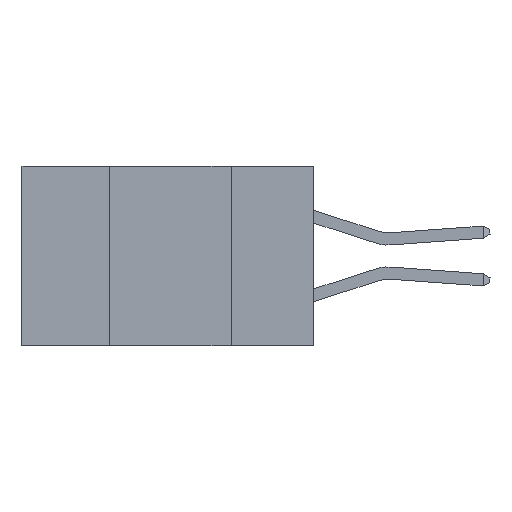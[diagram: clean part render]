
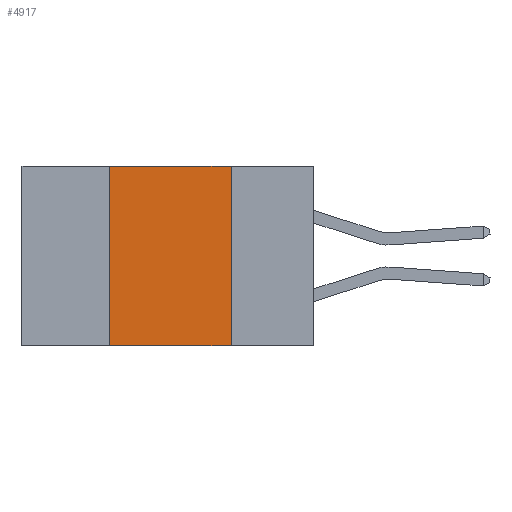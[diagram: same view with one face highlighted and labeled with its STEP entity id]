
A CAD part, left-side view. The second image highlights one B-rep face of the part: STEP entity #4917.
In plain terms, the highlighted planar face has unit normal (-1, 0, 0).
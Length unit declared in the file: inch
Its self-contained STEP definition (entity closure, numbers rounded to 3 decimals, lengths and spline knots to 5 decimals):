
#2548 = DIRECTION ( 'NONE',  ( 0., -1., 0. ) ) ;
#2634 = VERTEX_POINT ( 'NONE', #21159 ) ;
#3500 = DIRECTION ( 'NONE',  ( 1., 0., 0. ) ) ;
#4917 = ADVANCED_FACE ( 'NONE', ( #26156 ), #15651, .F. ) ;
#6333 = EDGE_CURVE ( 'NONE', #13131, #26807, #8469, .T. ) ;
#6665 = EDGE_LOOP ( 'NONE', ( #24976, #33289, #26413, #24622 ) ) ;
#6936 = DIRECTION ( 'NONE',  ( 0., 0., 1. ) ) ;
#7790 = EDGE_CURVE ( 'NONE', #36141, #2634, #16247, .T. ) ;
#8407 = VECTOR ( 'NONE', #30738, 39.37008 ) ;
#8469 = LINE ( 'NONE', #33462, #9384 ) ;
#9384 = VECTOR ( 'NONE', #6936, 39.37008 ) ;
#12802 = CARTESIAN_POINT ( 'NONE',  ( 0., 0.42, 0. ) ) ;
#13131 = VERTEX_POINT ( 'NONE', #29132 ) ;
#13182 = LINE ( 'NONE', #13970, #34016 ) ;
#13970 = CARTESIAN_POINT ( 'NONE',  ( 0., 0.6, -0.37 ) ) ;
#15651 = PLANE ( 'NONE',  #21889 ) ;
#15954 = CARTESIAN_POINT ( 'NONE',  ( 0., 0.17, 0. ) ) ;
#16247 = LINE ( 'NONE', #15954, #8407 ) ;
#18116 = DIRECTION ( 'NONE',  ( 0., 0., -1. ) ) ;
#20013 = CARTESIAN_POINT ( 'NONE',  ( 0., 0.17, 0. ) ) ;
#21159 = CARTESIAN_POINT ( 'NONE',  ( 0., 0.17, -0.37 ) ) ;
#21889 = AXIS2_PLACEMENT_3D ( 'NONE', #24337, #3500, #18116 ) ;
#24337 = CARTESIAN_POINT ( 'NONE',  ( 0., 0.6, 0. ) ) ;
#24622 = ORIENTED_EDGE ( 'NONE', *, *, #31296, .T. ) ;
#24976 = ORIENTED_EDGE ( 'NONE', *, *, #7790, .F. ) ;
#26156 = FACE_OUTER_BOUND ( 'NONE', #6665, .T. ) ;
#26413 = ORIENTED_EDGE ( 'NONE', *, *, #6333, .F. ) ;
#26807 = VERTEX_POINT ( 'NONE', #12802 ) ;
#29132 = CARTESIAN_POINT ( 'NONE',  ( 0., 0.42, -0.37 ) ) ;
#30738 = DIRECTION ( 'NONE',  ( 0., 0., -1. ) ) ;
#31296 = EDGE_CURVE ( 'NONE', #13131, #2634, #13182, .T. ) ;
#31323 = EDGE_CURVE ( 'NONE', #26807, #36141, #35863, .T. ) ;
#33289 = ORIENTED_EDGE ( 'NONE', *, *, #31323, .F. ) ;
#33462 = CARTESIAN_POINT ( 'NONE',  ( 0., 0.42, 0. ) ) ;
#34016 = VECTOR ( 'NONE', #37905, 39.37008 ) ;
#34932 = CARTESIAN_POINT ( 'NONE',  ( 0., 0.6, 0. ) ) ;
#35863 = LINE ( 'NONE', #34932, #36807 ) ;
#36141 = VERTEX_POINT ( 'NONE', #20013 ) ;
#36807 = VECTOR ( 'NONE', #2548, 39.37008 ) ;
#37905 = DIRECTION ( 'NONE',  ( 0., -1., 0. ) ) ;

——————

:: Task item ::
Please transcribe exactly the line containing "#21159 = CARTESIAN_POINT" and every line after it to the end of the data, and no other lines.

:: Response below ::
#21159 = CARTESIAN_POINT ( 'NONE',  ( 0., 0.17, -0.37 ) ) ;
#21889 = AXIS2_PLACEMENT_3D ( 'NONE', #24337, #3500, #18116 ) ;
#24337 = CARTESIAN_POINT ( 'NONE',  ( 0., 0.6, 0. ) ) ;
#24622 = ORIENTED_EDGE ( 'NONE', *, *, #31296, .T. ) ;
#24976 = ORIENTED_EDGE ( 'NONE', *, *, #7790, .F. ) ;
#26156 = FACE_OUTER_BOUND ( 'NONE', #6665, .T. ) ;
#26413 = ORIENTED_EDGE ( 'NONE', *, *, #6333, .F. ) ;
#26807 = VERTEX_POINT ( 'NONE', #12802 ) ;
#29132 = CARTESIAN_POINT ( 'NONE',  ( 0., 0.42, -0.37 ) ) ;
#30738 = DIRECTION ( 'NONE',  ( 0., 0., -1. ) ) ;
#31296 = EDGE_CURVE ( 'NONE', #13131, #2634, #13182, .T. ) ;
#31323 = EDGE_CURVE ( 'NONE', #26807, #36141, #35863, .T. ) ;
#33289 = ORIENTED_EDGE ( 'NONE', *, *, #31323, .F. ) ;
#33462 = CARTESIAN_POINT ( 'NONE',  ( 0., 0.42, 0. ) ) ;
#34016 = VECTOR ( 'NONE', #37905, 39.37008 ) ;
#34932 = CARTESIAN_POINT ( 'NONE',  ( 0., 0.6, 0. ) ) ;
#35863 = LINE ( 'NONE', #34932, #36807 ) ;
#36141 = VERTEX_POINT ( 'NONE', #20013 ) ;
#36807 = VECTOR ( 'NONE', #2548, 39.37008 ) ;
#37905 = DIRECTION ( 'NONE',  ( 0., -1., 0. ) ) ;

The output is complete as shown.